The problem is that M is explicitly multi-valued, and then you write down something like M(\gamma(a)). That has no meaning on its own because M is multi-valued. The only reason you knew which value to pick in your examples is because you knew what was supposed to work for the line integral

 

[jackmell]

The problem is that M is explicitly multi-valued, and then you write down something like M(\gamma(a)). That has no meaning on its own because M is multi-valued.
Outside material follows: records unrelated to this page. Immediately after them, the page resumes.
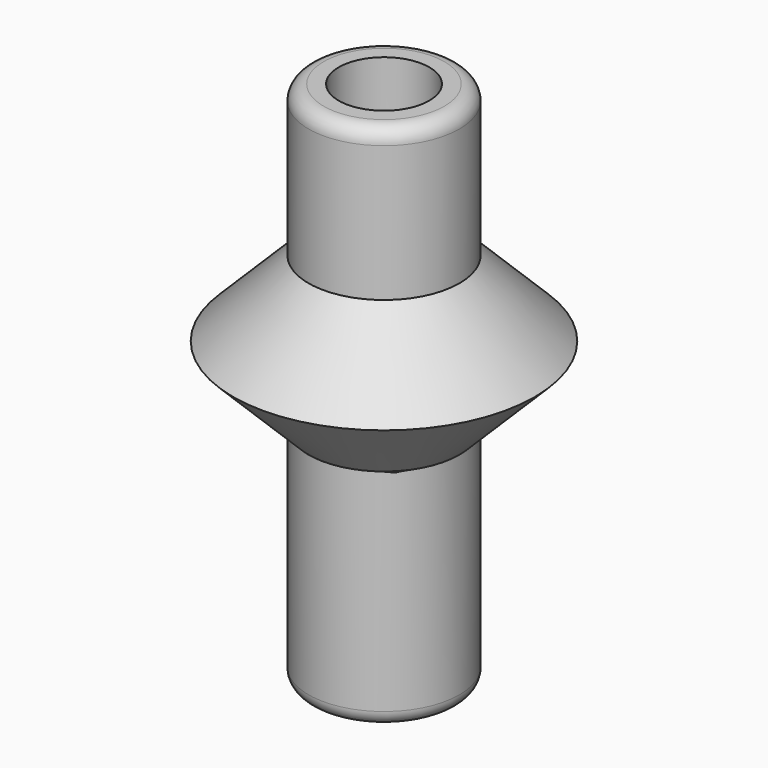
from build123d import *

# Parameters (mm, degrees)
F0_R         = 12.7
F1_DEPTH     = 38.1
F2_R         = 25.4
F2_R_2       = 12.7
F3_DEPTH     = 12.7
F4_R         = 2.54
F5_T1_DEPTH  = 10.7763073453
F5_T3_DEPTH  = 10.7763073453
F5_T9_DEPTH  = 23.4763073453
F5_S10_R     = 12.7
F5_T11_DEPTH = 14
F5_T15_DEPTH = 23.4763073453
F5_S16_R     = 12.7
F5_T17_DEPTH = 14
F5_T24_DEPTH = 23.4763073453
F5_S25_R     = 12.7
F5_T26_DEPTH = 14
F5_T30_DEPTH = 23.4763073453
F5_S31_R     = 12.7
F5_T32_DEPTH = 14
F5_T39_DEPTH = 23.4763073453
F5_S40_R     = 12.7
F5_T41_DEPTH = 14
F5_T45_DEPTH = 23.4763073453
F5_S46_R     = 12.7
F5_T47_DEPTH = 14
F5_T54_DEPTH = 23.4763073453
F5_S55_R     = 12.7
F5_T56_DEPTH = 14
F5_T60_DEPTH = 23.4763073453
F5_S61_R     = 12.7
F5_T62_DEPTH = 14
F8_R         = 12.7
F8_R_2       = 7.62
F9_DEPTH     = 25.4
F10_R        = 2.54
F11_DEPTH    = 25.4
F12_SIZE     = 12.69999


# Not quite as in the source:
# - a fillet or chamfer that OpenCascade refuses, or shapes differently, is made with other operations: its cross-section is extruded or revolved along the edge and cut away or added
# - a fillet or chamfer is up to 0.001 mm smaller than in the source, because OpenCascade refuses the exact size


with BuildPart() as f1:
    # F0 (on Top) → F1 (new body)
    with BuildSketch(Plane.XY):
        Circle(F0_R)
        with BuildLine():
            ThreePointArc((5.3881536726, 5.3881536726), (7.0399620377, 2.9160477546), (7.62, 0))
            ThreePointArc((7.62, 0), (7.0399620377, -2.9160477546), (5.3881536726, -5.3881536726))
            ThreePointArc((5.3881536726, -5.3881536726), (0, -7.62), (-5.3881536726, -5.3881536726))
            ThreePointArc((-5.3881536726, -5.3881536726), (-7.62, 0), (-5.3881536726, 5.3881536726))
            ThreePointArc((-5.3881536726, 5.3881536726), (0, 7.62), (5.3881536726, 5.3881536726))
        make_face(mode=Mode.SUBTRACT)
        with BuildLine():
            ThreePointArc((-5.3881536726, -5.3881536726), (0, -7.62), (5.3881536726, -5.3881536726))
            Line((5.3881536726, -5.3881536726), (-5.3881536726, -5.3881536726))
        make_face()
        with BuildLine():
            Line((-5.3881536726, -5.3881536726), (-5.3881536726, 5.3881536726))
            ThreePointArc((-5.3881536726, 5.3881536726), (-7.62, 0), (-5.3881536726, -5.3881536726))
        make_face()
        with BuildLine():
            ThreePointArc((5.3881536726, -5.3881536726), (7.0399620377, -2.9160477546), (7.62, 0))
            ThreePointArc((7.62, 0), (7.0399620377, 2.9160477546), (5.3881536726, 5.3881536726))
            Line((5.3881536726, 5.3881536726), (5.3881536726, -5.3881536726))
        make_face()
        with BuildLine():
            Line((-5.3881536726, 5.3881536726), (5.3881536726, 5.3881536726))
            ThreePointArc((5.3881536726, 5.3881536726), (0, 7.62), (-5.3881536726, 5.3881536726))
        make_face()
    extrude(amount=F1_DEPTH)

    # F4
    f4_edges = [f1.edges().sort_by_distance(p)[0] for p in [
        (-12.7, 0, 0),
    ]]
    fillet(f4_edges, radius=F4_R)

    # F5: fillet of radius 5.08 on 4 edges, made by hand

    # F5_s2 → F5_t1 (cut)
    with BuildSketch(Plane.XZ.offset(-5.3881536726)):
        with BuildLine():
            ThreePointArc((10.4681536726, 38.1), (6.8760512242, 36.6121024484), (5.3881536726, 33.02))
            Line((5.3881536726, 33.02), (5.3881536726, 38.1))
            Line((5.3881536726, 38.1), (10.4681536726, 38.1))
        make_face()
        with BuildLine():
            ThreePointArc((-10.4681536726, 38.1), (-6.8760512242, 36.6121024484), (-5.3881536726, 33.02))
            Line((-5.3881536726, 33.02), (-5.3881536726, 38.1))
            Line((-5.3881536726, 38.1), (-10.4681536726, 38.1))
        make_face()
    extrude(amount=F5_T1_DEPTH, mode=Mode.SUBTRACT)

    # F5_s4 → F5_t3 (cut)
    with BuildSketch(Plane.YZ.offset(-5.3881536726)):
        with BuildLine():
            ThreePointArc((-10.4681536726, 38.1), (-6.8760512242, 36.6121024484), (-5.3881536726, 33.02))
            Line((-5.3881536726, 33.02), (-5.3881536726, 38.1))
            Line((-5.3881536726, 38.1), (-10.4681536726, 38.1))
        make_face()
        with BuildLine():
            ThreePointArc((10.4681536726, 38.1), (6.8760512242, 36.6121024484), (5.3881536726, 33.02))
            Line((5.3881536726, 33.02), (5.3881536726, 38.1))
            Line((5.3881536726, 38.1), (10.4681536726, 38.1))
        make_face()
    extrude(amount=F5_T3_DEPTH, mode=Mode.SUBTRACT)


with BuildPart() as f3:
    # F2 (on face) → F3 (new body)
    with BuildSketch(Plane.XY.offset(38.1)):
        Circle(F2_R)
        Circle(F2_R_2, mode=Mode.SUBTRACT)
    extrude(amount=F3_DEPTH)

    # F6: F3 across face


with BuildPart() as f5_tool7:
    # F5_s8 → F5_t9 (new body)
    with BuildSketch(Plane.YZ.offset(-5.3881536726)):
        with BuildLine():
            ThreePointArc((10.4681536726, 38.1), (6.8760512242, 36.6121024484), (5.3881536726, 33.02))
            Line((5.3881536726, 33.02), (5.3881536726, 38.1))
            Line((5.3881536726, 38.1), (10.4681536726, 38.1))
        make_face()
    extrude(amount=F5_T9_DEPTH)

    # F5_s10 → F5_t11 (intersect, symmetric)
    with BuildSketch(Plane.XY.offset(35.6)):
        Circle(F5_S10_R)
    extrude(amount=F5_T11_DEPTH, both=True, mode=Mode.INTERSECT)

    split(bisect_by=Plane.YZ.offset(5.3881536726), keep=Keep.TOP)


with BuildPart() as f5_tool13:
    # F5_s14 → F5_t15 (new body)
    with BuildSketch(Plane.XZ.offset(-18.0881536726)):
        with BuildLine():
            ThreePointArc((10.4681536726, 38.1), (6.8760512242, 36.6121024484), (5.3881536726, 33.02))
            Line((5.3881536726, 33.02), (5.3881536726, 38.1))
            Line((5.3881536726, 38.1), (10.4681536726, 38.1))
        make_face()
    extrude(amount=F5_T15_DEPTH)

    # F5_s16 → F5_t17 (intersect, symmetric)
    with BuildSketch(Plane.XY.offset(35.6)):
        Circle(F5_S16_R)
    extrude(amount=F5_T17_DEPTH, both=True, mode=Mode.INTERSECT)

    split(bisect_by=Plane.XZ.offset(-5.3881536726), keep=Keep.BOTTOM)


with BuildPart() as f5_tool7_1:
    add(f5_tool7.part)

    # F5_t19: intersect F5_tool13
    add(f5_tool13.part, mode=Mode.INTERSECT)


with BuildPart() as f1_1:
    add(f1.part)

    # F5_t5: cut F5_tool7
    add(f5_tool7_1.part, mode=Mode.SUBTRACT)


with BuildPart() as f5_tool22:
    # F5_s23 → F5_t24 (new body)
    with BuildSketch(Plane.YZ.offset(18.0881536726)):
        with BuildLine():
            ThreePointArc((-10.4681536726, 38.1), (-6.8760512242, 36.6121024484), (-5.3881536726, 33.02))
            Line((-5.3881536726, 33.02), (-5.3881536726, 38.1))
            Line((-5.3881536726, 38.1), (-10.4681536726, 38.1))
        make_face()
    extrude(amount=-F5_T24_DEPTH)

    # F5_s25 → F5_t26 (intersect, symmetric)
    with BuildSketch(Plane.XY.offset(35.6)):
        Circle(F5_S25_R)
    extrude(amount=F5_T26_DEPTH, both=True, mode=Mode.INTERSECT)

    split(bisect_by=Plane.YZ.offset(5.3881536726), keep=Keep.TOP)


with BuildPart() as f5_tool28:
    # F5_s29 → F5_t30 (new body)
    with BuildSketch(Plane.XZ.offset(-5.3881536726)):
        with BuildLine():
            ThreePointArc((10.4681536726, 38.1), (6.8760512242, 36.6121024484), (5.3881536726, 33.02))
            Line((5.3881536726, 33.02), (5.3881536726, 38.1))
            Line((5.3881536726, 38.1), (10.4681536726, 38.1))
        make_face()
    extrude(amount=F5_T30_DEPTH)

    # F5_s31 → F5_t32 (intersect, symmetric)
    with BuildSketch(Plane.XY.offset(35.6)):
        Circle(F5_S31_R)
    extrude(amount=F5_T32_DEPTH, both=True, mode=Mode.INTERSECT)

    split(bisect_by=Plane.XZ.offset(5.3881536726), keep=Keep.TOP)


with BuildPart() as f5_tool22_1:
    add(f5_tool22.part)

    # F5_t34: intersect F5_tool28
    add(f5_tool28.part, mode=Mode.INTERSECT)


with BuildPart() as f1_2:
    add(f1_1.part)

    # F5_t20: cut F5_tool22
    add(f5_tool22_1.part, mode=Mode.SUBTRACT)


with BuildPart() as f5_tool37:
    # F5_s38 → F5_t39 (new body)
    with BuildSketch(Plane.YZ.offset(5.3881536726)):
        with BuildLine():
            ThreePointArc((-10.4681536726, 38.1), (-6.8760512242, 36.6121024484), (-5.3881536726, 33.02))
            Line((-5.3881536726, 33.02), (-5.3881536726, 38.1))
            Line((-5.3881536726, 38.1), (-10.4681536726, 38.1))
        make_face()
    extrude(amount=-F5_T39_DEPTH)

    # F5_s40 → F5_t41 (intersect, symmetric)
    with BuildSketch(Plane.XY.offset(35.6)):
        Circle(F5_S40_R)
    extrude(amount=F5_T41_DEPTH, both=True, mode=Mode.INTERSECT)

    split(bisect_by=Plane.YZ.offset(-5.3881536726), keep=Keep.BOTTOM)


with BuildPart() as f5_tool43:
    # F5_s44 → F5_t45 (new body)
    with BuildSketch(Plane.XZ.offset(18.0881536726)):
        with BuildLine():
            ThreePointArc((-10.4681536726, 38.1), (-6.8760512242, 36.6121024484), (-5.3881536726, 33.02))
            Line((-5.3881536726, 33.02), (-5.3881536726, 38.1))
            Line((-5.3881536726, 38.1), (-10.4681536726, 38.1))
        make_face()
    extrude(amount=-F5_T45_DEPTH)

    # F5_s46 → F5_t47 (intersect, symmetric)
    with BuildSketch(Plane.XY.offset(35.6)):
        Circle(F5_S46_R)
    extrude(amount=F5_T47_DEPTH, both=True, mode=Mode.INTERSECT)

    split(bisect_by=Plane.XZ.offset(5.3881536726), keep=Keep.TOP)


with BuildPart() as f5_tool37_1:
    add(f5_tool37.part)

    # F5_t49: intersect F5_tool43
    add(f5_tool43.part, mode=Mode.INTERSECT)


with BuildPart() as f1_3:
    add(f1_2.part)

    # F5_t35: cut F5_tool37
    add(f5_tool37_1.part, mode=Mode.SUBTRACT)


with BuildPart() as f5_tool52:
    # F5_s53 → F5_t54 (new body)
    with BuildSketch(Plane.XZ.offset(5.3881536726)):
        with BuildLine():
            ThreePointArc((-10.4681536726, 38.1), (-6.8760512242, 36.6121024484), (-5.3881536726, 33.02))
            Line((-5.3881536726, 33.02), (-5.3881536726, 38.1))
            Line((-5.3881536726, 38.1), (-10.4681536726, 38.1))
        make_face()
    extrude(amount=-F5_T54_DEPTH)

    # F5_s55 → F5_t56 (intersect, symmetric)
    with BuildSketch(Plane.XY.offset(35.6)):
        Circle(F5_S55_R)
    extrude(amount=F5_T56_DEPTH, both=True, mode=Mode.INTERSECT)

    split(bisect_by=Plane.XZ.offset(-5.3881536726), keep=Keep.BOTTOM)


with BuildPart() as f5_tool58:
    # F5_s59 → F5_t60 (new body)
    with BuildSketch(Plane.YZ.offset(-18.0881536726)):
        with BuildLine():
            ThreePointArc((10.4681536726, 38.1), (6.8760512242, 36.6121024484), (5.3881536726, 33.02))
            Line((5.3881536726, 33.02), (5.3881536726, 38.1))
            Line((5.3881536726, 38.1), (10.4681536726, 38.1))
        make_face()
    extrude(amount=F5_T60_DEPTH)

    # F5_s61 → F5_t62 (intersect, symmetric)
    with BuildSketch(Plane.XY.offset(35.6)):
        Circle(F5_S61_R)
    extrude(amount=F5_T62_DEPTH, both=True, mode=Mode.INTERSECT)

    split(bisect_by=Plane.YZ.offset(-5.3881536726), keep=Keep.BOTTOM)


with BuildPart() as f5_tool52_1:
    add(f5_tool52.part)

    # F5_t64: intersect F5_tool58
    add(f5_tool58.part, mode=Mode.INTERSECT)


with BuildPart() as f1_4:
    add(f1_3.part)

    # F5_t50: cut F5_tool52
    add(f5_tool52_1.part, mode=Mode.SUBTRACT)


with BuildPart() as f3_1:
    add(f3.part)
    add(f3.part.mirror(Plane.XY.offset(50.8)))

    # F12 (size 12.7 in the source; OpenCascade refuses exactly that, so slightly less here)
    f12_edges = [f3_1.edges().sort_by_distance(p)[0] for p in [
        (-25.4, 0, 38.1),
        (-25.4, 0, 63.5),
    ]]
    chamfer(f12_edges, length=F12_SIZE)


with BuildPart() as f9:
    # F8 (on offset) → F9 (new body)
    with BuildSketch(Plane.XY.offset(63.5)):
        Circle(F8_R)
        Circle(F8_R_2, mode=Mode.SUBTRACT)
    extrude(amount=F9_DEPTH)

    # F10
    f10_edges = [f9.edges().sort_by_distance(p)[0] for p in [
        (-12.7, 0, 88.9),
    ]]
    fillet(f10_edges, radius=F10_R)

    # F8 (on offset) → F11 (join)
    with BuildSketch(Plane.XY.offset(63.5)):
        Circle(F8_R)
        Circle(F8_R_2, mode=Mode.SUBTRACT)
    extrude(amount=-F11_DEPTH)


solid = Compound([f1_4.part, f3_1.part, f9.part])

The only reason you knew which value to pick in your examples is because you knew what was supposed to work for the line integral

If I have:

\int_a^b f(z)dz

which is single-valued, and the antiderivative is multivalued as in the example for this thread:

\mathop\oint\limits_{|z|=2} \frac{e^z}{z^3}dz

I was under the assumption that it did not matter which "sheet" of the multivalued antiderivative I start the integration over. As long as I maintain a differentiable path to the end point, the difference:

M(\gamma(t))-M(\gamma(0))

will be the same. Are you telling me Office_Shredder, that is not the case?

However in the case:

<br /> \mathop\oint\limits_{|\gamma(t)| = r &gt; 1}\frac{z_{0}+z_{1}z+z_{2}z^{2}}{\left(\sqrt{z^{2}-1}\right)_{0}}dz=\left(z_{1}+\frac{z z_{2}}{2}\right)\sqrt{z^{2}-1}+1/2\left(2z_{0}+z_{2}\right)\log[2(z+\sqrt{z^{2}-1})]\biggr|_{\gamma(a)}^{\gamma(b)} <br />

since I'm integrating over a multifunction, I will necessarily have two values for the integral and I'm starting to see there is no way to know which "sheet" of the multivalued antiderivative I would need to begin the integration in order to yield one or the other answer. Dang it.